| Work to complete |
Lines of the listing that contain "CONTINUOUS" need to be copied.

| Data under study |
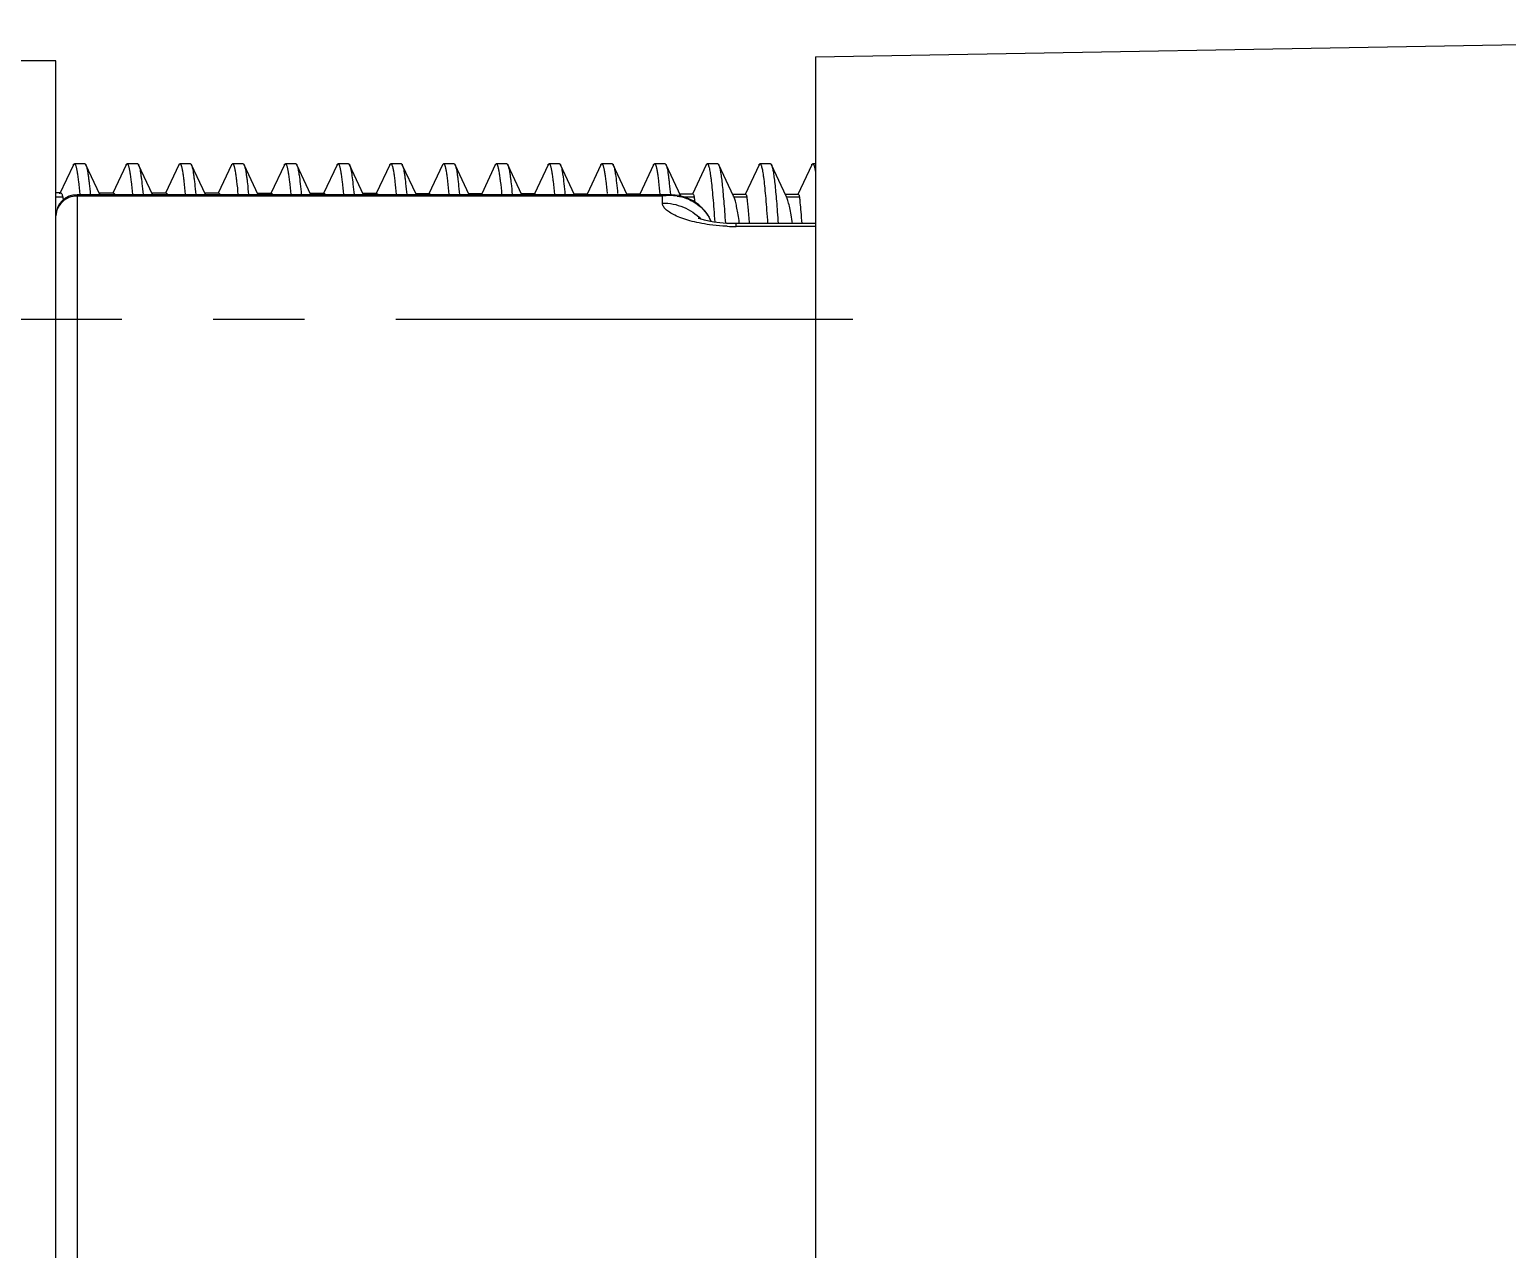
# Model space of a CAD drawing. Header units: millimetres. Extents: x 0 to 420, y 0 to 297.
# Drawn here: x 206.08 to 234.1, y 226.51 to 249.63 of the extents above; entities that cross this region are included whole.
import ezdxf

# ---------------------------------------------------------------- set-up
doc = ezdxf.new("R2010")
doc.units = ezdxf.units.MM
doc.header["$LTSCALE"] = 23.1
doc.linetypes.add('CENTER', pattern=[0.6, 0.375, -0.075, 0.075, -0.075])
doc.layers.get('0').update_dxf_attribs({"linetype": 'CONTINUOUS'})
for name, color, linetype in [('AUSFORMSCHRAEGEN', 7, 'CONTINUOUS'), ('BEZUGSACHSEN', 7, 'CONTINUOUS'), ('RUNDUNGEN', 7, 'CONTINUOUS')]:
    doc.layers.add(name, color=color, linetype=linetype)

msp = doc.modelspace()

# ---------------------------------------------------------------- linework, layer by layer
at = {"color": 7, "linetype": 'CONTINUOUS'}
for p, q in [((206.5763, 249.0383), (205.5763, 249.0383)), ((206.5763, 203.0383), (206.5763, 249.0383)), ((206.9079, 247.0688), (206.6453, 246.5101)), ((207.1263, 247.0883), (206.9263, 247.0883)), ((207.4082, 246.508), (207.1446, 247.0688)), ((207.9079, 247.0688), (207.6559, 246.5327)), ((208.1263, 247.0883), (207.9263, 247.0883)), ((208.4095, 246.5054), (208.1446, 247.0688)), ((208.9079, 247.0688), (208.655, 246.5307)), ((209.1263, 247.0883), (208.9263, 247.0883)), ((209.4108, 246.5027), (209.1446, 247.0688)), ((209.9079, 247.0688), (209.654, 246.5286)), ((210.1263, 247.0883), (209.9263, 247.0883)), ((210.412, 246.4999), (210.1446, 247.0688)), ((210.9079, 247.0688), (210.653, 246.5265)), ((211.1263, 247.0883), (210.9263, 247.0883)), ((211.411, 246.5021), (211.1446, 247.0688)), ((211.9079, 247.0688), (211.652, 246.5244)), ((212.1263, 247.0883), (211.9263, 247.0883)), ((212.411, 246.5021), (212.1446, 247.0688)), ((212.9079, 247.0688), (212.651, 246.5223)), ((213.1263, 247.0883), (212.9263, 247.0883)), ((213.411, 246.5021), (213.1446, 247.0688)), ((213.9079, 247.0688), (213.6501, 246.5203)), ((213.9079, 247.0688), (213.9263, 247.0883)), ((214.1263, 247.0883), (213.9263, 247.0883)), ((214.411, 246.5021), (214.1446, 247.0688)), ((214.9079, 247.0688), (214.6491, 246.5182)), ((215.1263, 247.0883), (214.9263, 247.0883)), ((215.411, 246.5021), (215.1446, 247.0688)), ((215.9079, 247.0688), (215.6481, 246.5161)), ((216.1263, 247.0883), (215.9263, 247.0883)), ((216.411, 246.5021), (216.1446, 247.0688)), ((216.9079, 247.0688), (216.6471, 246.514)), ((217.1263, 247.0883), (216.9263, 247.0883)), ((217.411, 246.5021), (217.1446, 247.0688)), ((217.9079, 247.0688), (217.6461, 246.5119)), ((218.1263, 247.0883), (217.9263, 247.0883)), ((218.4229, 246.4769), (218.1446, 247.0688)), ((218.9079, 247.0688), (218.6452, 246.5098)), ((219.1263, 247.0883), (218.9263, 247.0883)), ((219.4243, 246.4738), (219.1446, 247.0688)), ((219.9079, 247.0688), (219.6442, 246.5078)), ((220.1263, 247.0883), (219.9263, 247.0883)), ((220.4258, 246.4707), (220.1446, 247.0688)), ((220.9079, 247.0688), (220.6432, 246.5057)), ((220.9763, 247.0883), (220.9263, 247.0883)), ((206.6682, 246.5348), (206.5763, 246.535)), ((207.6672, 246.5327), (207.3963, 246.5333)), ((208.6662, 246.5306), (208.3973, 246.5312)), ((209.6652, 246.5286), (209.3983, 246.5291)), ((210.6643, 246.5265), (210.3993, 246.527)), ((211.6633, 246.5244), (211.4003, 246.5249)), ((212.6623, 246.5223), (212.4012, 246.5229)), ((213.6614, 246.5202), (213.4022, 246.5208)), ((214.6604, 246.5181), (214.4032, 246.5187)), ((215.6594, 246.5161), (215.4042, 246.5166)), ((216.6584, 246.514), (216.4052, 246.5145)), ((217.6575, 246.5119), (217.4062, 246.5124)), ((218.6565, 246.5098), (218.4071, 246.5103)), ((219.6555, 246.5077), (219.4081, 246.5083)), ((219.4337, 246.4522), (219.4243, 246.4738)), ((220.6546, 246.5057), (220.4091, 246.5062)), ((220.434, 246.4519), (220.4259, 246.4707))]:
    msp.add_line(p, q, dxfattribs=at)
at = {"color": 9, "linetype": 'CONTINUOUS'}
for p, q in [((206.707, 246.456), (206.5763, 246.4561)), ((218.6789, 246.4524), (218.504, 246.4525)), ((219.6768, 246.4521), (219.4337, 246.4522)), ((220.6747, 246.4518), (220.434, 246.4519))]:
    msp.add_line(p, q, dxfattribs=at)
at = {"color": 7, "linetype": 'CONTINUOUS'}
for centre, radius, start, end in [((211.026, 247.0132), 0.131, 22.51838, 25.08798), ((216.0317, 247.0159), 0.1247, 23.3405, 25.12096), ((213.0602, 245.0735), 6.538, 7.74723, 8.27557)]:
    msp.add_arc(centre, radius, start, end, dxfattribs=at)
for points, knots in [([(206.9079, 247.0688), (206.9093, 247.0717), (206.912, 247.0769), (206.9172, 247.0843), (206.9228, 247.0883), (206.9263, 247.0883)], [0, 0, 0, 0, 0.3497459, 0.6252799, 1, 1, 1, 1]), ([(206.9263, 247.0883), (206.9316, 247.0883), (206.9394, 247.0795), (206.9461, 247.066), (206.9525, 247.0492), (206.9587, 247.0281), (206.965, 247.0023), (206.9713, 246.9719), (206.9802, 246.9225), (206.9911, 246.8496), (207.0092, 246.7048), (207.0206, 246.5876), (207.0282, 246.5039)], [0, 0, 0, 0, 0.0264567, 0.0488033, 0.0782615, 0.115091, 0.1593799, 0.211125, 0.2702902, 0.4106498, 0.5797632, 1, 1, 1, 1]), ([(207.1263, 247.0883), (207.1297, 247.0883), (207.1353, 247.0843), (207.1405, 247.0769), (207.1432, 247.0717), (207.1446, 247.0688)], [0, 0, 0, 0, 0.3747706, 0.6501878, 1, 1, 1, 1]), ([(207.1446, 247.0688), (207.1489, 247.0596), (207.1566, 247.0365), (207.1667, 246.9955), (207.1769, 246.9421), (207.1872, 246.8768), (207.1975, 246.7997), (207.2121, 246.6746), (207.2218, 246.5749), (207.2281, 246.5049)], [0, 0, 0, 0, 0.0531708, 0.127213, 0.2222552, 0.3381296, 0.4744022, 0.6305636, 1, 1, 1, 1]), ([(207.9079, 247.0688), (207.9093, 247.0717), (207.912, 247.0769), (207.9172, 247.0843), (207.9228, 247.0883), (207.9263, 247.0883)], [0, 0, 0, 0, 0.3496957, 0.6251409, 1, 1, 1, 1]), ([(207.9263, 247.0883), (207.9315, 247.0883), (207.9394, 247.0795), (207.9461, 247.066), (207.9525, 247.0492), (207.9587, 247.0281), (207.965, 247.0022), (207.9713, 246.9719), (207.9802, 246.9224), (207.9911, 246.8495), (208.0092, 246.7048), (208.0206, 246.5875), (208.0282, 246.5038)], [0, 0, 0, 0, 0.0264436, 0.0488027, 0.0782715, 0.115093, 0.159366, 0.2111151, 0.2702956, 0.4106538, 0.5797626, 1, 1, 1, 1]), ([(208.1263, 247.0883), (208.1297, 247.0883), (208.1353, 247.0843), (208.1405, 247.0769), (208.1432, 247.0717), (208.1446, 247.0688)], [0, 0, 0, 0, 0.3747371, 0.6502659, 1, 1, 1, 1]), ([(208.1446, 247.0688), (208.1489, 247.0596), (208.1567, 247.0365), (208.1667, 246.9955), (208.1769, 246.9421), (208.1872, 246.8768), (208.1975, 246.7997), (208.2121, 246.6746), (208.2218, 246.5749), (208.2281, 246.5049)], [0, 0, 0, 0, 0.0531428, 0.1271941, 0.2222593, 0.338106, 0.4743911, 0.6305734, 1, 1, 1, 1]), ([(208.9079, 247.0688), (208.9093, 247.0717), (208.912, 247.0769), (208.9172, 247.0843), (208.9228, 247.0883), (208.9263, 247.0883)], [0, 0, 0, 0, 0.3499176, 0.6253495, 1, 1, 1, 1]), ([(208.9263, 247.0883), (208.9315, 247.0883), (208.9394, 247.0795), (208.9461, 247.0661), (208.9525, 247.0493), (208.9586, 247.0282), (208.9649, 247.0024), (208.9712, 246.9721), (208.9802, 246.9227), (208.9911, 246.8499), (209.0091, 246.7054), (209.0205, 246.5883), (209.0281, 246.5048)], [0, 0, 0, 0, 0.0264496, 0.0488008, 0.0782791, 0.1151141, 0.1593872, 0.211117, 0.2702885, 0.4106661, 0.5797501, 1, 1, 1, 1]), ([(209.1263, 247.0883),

| Result for this exercise |
doc.layers.get('0').update_dxf_attribs({"linetype": 'CONTINUOUS'})
for name, color, linetype in [('AUSFORMSCHRAEGEN', 7, 'CONTINUOUS'), ('BEZUGSACHSEN', 7, 'CONTINUOUS'), ('RUNDUNGEN', 7, 'CONTINUOUS')]:
at = {"color": 7, "linetype": 'CONTINUOUS'}
at = {"color": 9, "linetype": 'CONTINUOUS'}
at = {"color": 7, "linetype": 'CONTINUOUS'}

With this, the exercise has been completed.